I graduated from 4 years of design school learning how to comp by hand, with markers, ink and create final logos with rapidographs. I ran a stat machine. I sent out for type setting. We ordered headlines from linotype.

The agencies I worked for through college taught me and gave me the ability to do everything BY HAND before there were computers on our desks. My father helped program the lunar landing module. Computers were like the size of refrigerators up until then. The minute I graduated college, Mac computers arrived at agencies. I was told I wouldn’t get a raise as an art director because I may as well consider myself a well-paid student. I read every software manual cover to cover in order to get up to speed and keep my job(s).

For a good amount of years, though less than 10, it was a good gig. Agencies, specifically my industry of packaging design, remained very closeted. We were the SMEs every single big corp hired to bring their product to shelf. Lever. Colgate. Pfizer. L’Oreal. Revlon. All my accounts. Over 1/3 of the products on shelf myself or my team had a hand in. I redesigned the Colgate logo 3 times. Irish Spring twice. Lady Speed Stick had my hand script scent designators on every single package. Palmolive actually had MY HAND. The stories are endless. My portfolio WAS the supermarket. The drug store. The cosmetic aisles in department stores.
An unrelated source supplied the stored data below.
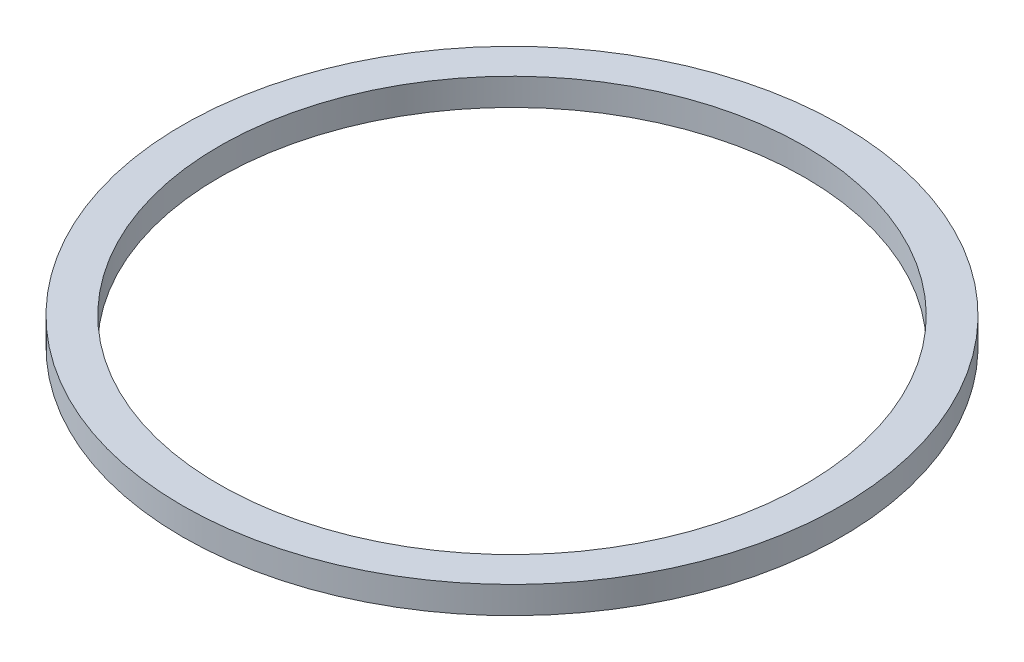
SolidWorks part; units mm, degrees
material "Hexcel AS4C (3000 Filaments)"
ref_plane "Front Plane" through (0, 0, 0) normal (0, 0, 1) x (1, 0, 0)
ref_plane "Top Plane" through (0, 0, 0) normal (0, 1, 0) x (1, 0, 0)
ref_plane "Right Plane" through (0, 0, 0) normal (1, 0, 0) x (0, 0, -1)
sketch "Sketch1" plane through (0, 0, 0) normal (0, 0, 1) x (1, 0, 0)
  line L0 (-60, 12.9625) -> (-60, 18.5) construction
  line L1 (-60, 12.9625) -> (-60, 18.5)
  line L2 (-67.5, 12.9625) -> (-67.5, 18.5) construction
  line L3 (-67.5, 12.9625) -> (-67.5, 18.5)
  line L4 (-60, 18.5) -> (-67.5, 18.5)
  line L5 (-60, 12.9625) -> (-67.5, 12.9625)
  line L6 (0, -200069.0475) -> (0, 200086.9028) construction
  line L7 (0, -200069.0475) -> (0, 200086.9028) construction
revolve "Revolve1" add sketch "Sketch1" angle 360 about L7
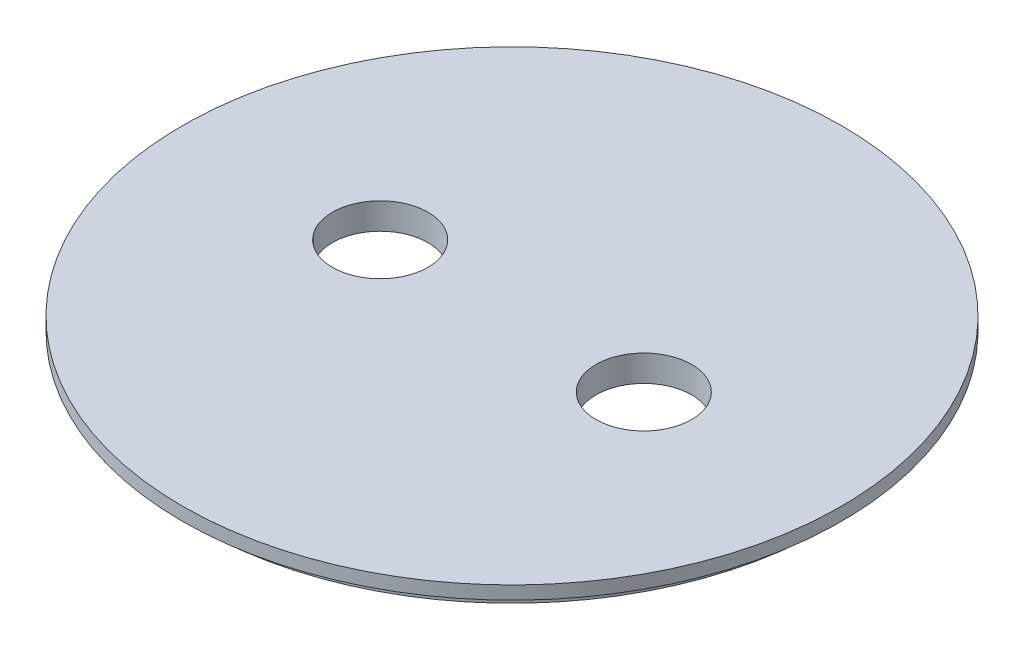
SolidWorks part; units mm, degrees
ref_plane "Front Plane" through (0, 0, 0) normal (0, 0, 1) x (1, 0, 0)
ref_plane "Top Plane" through (0, 0, 0) normal (0, 1, 0) x (1, 0, 0)
ref_plane "Right Plane" through (0, 0, 0) normal (1, 0, 0) x (0, 0, -1)
sketch "Sketch1" plane through (0, 0, 0) normal (0, 1, 0) x (1, 0, 0)
  circle A0 centre (0, 0) radius 50
  dimension "D1" = 100
extrude "Boss-Extrude1" add sketch "Sketch1" along normal blind 2
sketch "Sketch2" plane through (0, 0, 0) normal (0, -1, 0) x (1, 0, 0)
  circle A0 centre (0, 0) radius 47.75
  dimension "D1" = 95.5
extrude "Boss-Extrude2" add sketch "Sketch2" along normal blind 2
sketch "Sketch3" plane through (0, 2, 0) normal (0, 1, 0) x (1, 0, 0)
  line L1 (-20, 15) -> (20, 15)
  line L2 (-20, 15) -> (-20, -15)
  line L3 (-20, -15) -> (20, -15)
  line L4 (20, 15) -> (20, -15)
  line L5 (-20, 15) -> (20, -15) construction
  line L6 (-20, -15) -> (20, 15) construction
  circle A0 centre (-20, 0) radius 7.25
  circle A1 centre (20, 0) radius 7.25
  point P0 (0, 0)
  dimension "D3" = 14.5
  dimension "D4" = 14.5
  dimension "D1" = 40
  dimension "D2" = 30
extrude "Cut-Extrude1" cut sketch "Sketch3" against normal through all contours A1 | A0

So when we speak about loss of expertise, I know it and feel it to my core. I am a dinosaur in my industry. No one now wants any of what I have to offer. When they recently took the many times digitized retouched hand off Palmolive that was once mine, I knew it was truly the end of an era.

See more in my comments on other posted comments here. This truly IS the most important thing I have read on Substack— and there is A LOT of good work here. But content-wise, THIS says it all.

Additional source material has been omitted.